The Policy Shop: Chicago’s poverty paradox

The Policy Shop: Chicago’s poverty paradox

This edition of The Policy Shop is by Head of Policy Joshua Bandoch.

When President Lyndon B. Johnson told the U.S. Congress in 1964 he was declaring the War on Poverty, he did not set out a vision for an America in which over $12 trillion in taxes would be spent over more than 60 years to create generations of people dependent on the government to make their poverty more bearable. He did not dream of poverty remaining at a static 11-15%.

He saw job training and partnerships with businesses. He saw work, not a handout, as poverty’s solution.

But dependence and desperation are how 450,000 Chicagoans live. Chicago’s poverty rate was 12% in 1960, ahead of Johnson’s War on Poverty. It’s now at 17.2%.

Poverty policies are not just failing the poor and disadvantaged in Chicago and elsewhere, they are aggravating society’s problems. Families fail to form when one of the adults is poorly educated and unemployed. The lack of a job denies dignity and meaning to too many lives. That lack of purpose fuels deaths of desperation aided by alcohol, drugs and suicide.

That’s wrong, needs to change and can.

Amid the failed policies and unnecessary suffering is reason for tremendous hope we can solve poverty, especially in Chicago and other urban environments.

From left-of-center think tanks such as the Brookings Institution, Urban Institute and Progressive Policy Institute, to right-of-center public policy groups such as the American Enterprise Institute and the Alliance for Opportunity, there exists remarkable consensus on how to empower individuals to rise out poverty and into prosperity.

What is it?

Substantial consensus exists around seven “macro”-solutions to poverty:

  1. Empower people through the dignity of work.
  2. Prepare individuals for the future of work through education and workforce development – an issue widely overlooked by researchers.
  3. Remove barriers to work, especially occupational licensing and burdensome regulations.
  4. Ensure the educational system prepares students for careers through improved quality and more effective workforce development programs such as apprenticeships.
  5. Restructure safety net programs to empower people to rise out of poverty, including through rigorous program evaluation.
  6. Promote affordable housing, including through zoning reform.
  7. Promote family formation and stability, including by making it easier for people to follow the “success sequence” of education, job, marriage and then children.

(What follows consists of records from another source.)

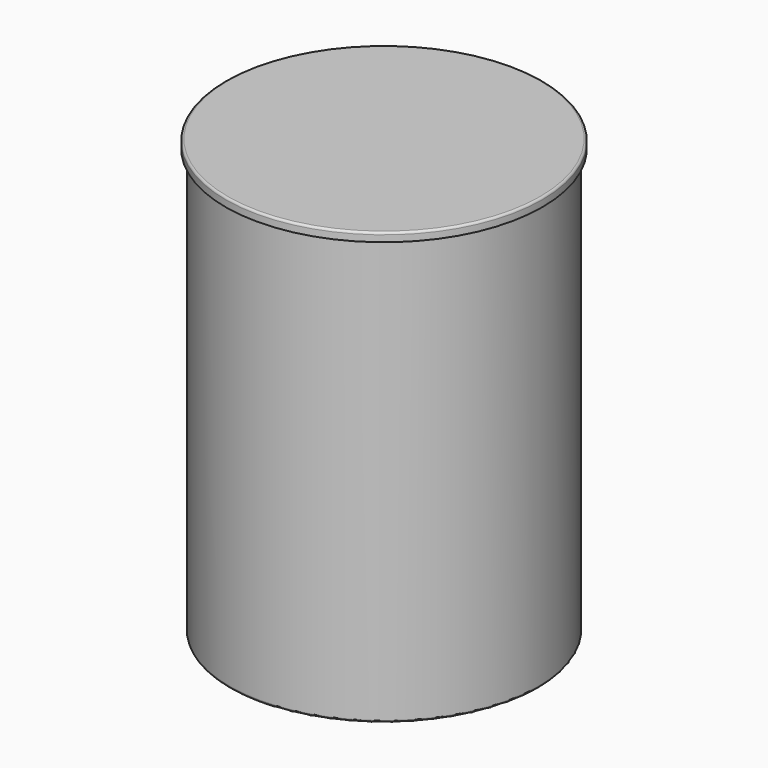
from build123d import *

# Parameters (mm, degrees)
F0_R     = 35.5
F0_R_2   = 34.5
F1_DEPTH = 100
F2_R     = 36.5
F3_DEPTH = 2
F4_R     = 0.49999


# Not quite as in the source:
# - a fillet or chamfer is up to 0.001 mm smaller than in the source, because OpenCascade refuses the exact size


with BuildPart() as f1:
    # F0 (on Top) → F1 (new body)
    with BuildSketch(Plane.XY):
        Circle(F0_R)
        Circle(F0_R_2, mode=Mode.SUBTRACT)
    extrude(amount=F1_DEPTH)

    # F2 (on face) → F3 (join)
    with BuildSketch(Plane.XY.offset(100)):
        Circle(F2_R)
    extrude(amount=-F3_DEPTH)

    # F4 (radius 0.5 in the source; OpenCascade refuses exactly that, so slightly less here)
    f4_edges = [f1.edges().sort_by_distance(p)[0] for p in [
        (-35.5, 0, 0),
        (-34.5, 0, 0),
        (-36.5, 0, 100),
    ]]
    fillet(f4_edges, radius=F4_R)


solid = f1.part

None of the seven solutions are easy in a city where government is the problem as often as the solution and where public education fails about three-quarters of the children. But all the solutions are achievable.

The brighter promise is if poverty can be solved for 450,000 people in Chicago, then there is hope for the other 37.5 million Americans in poverty that LBJ’s vision has failed to reach.

We can still win the War on Poverty, but it will be through the help of education and jobs – not the dependency of government handouts.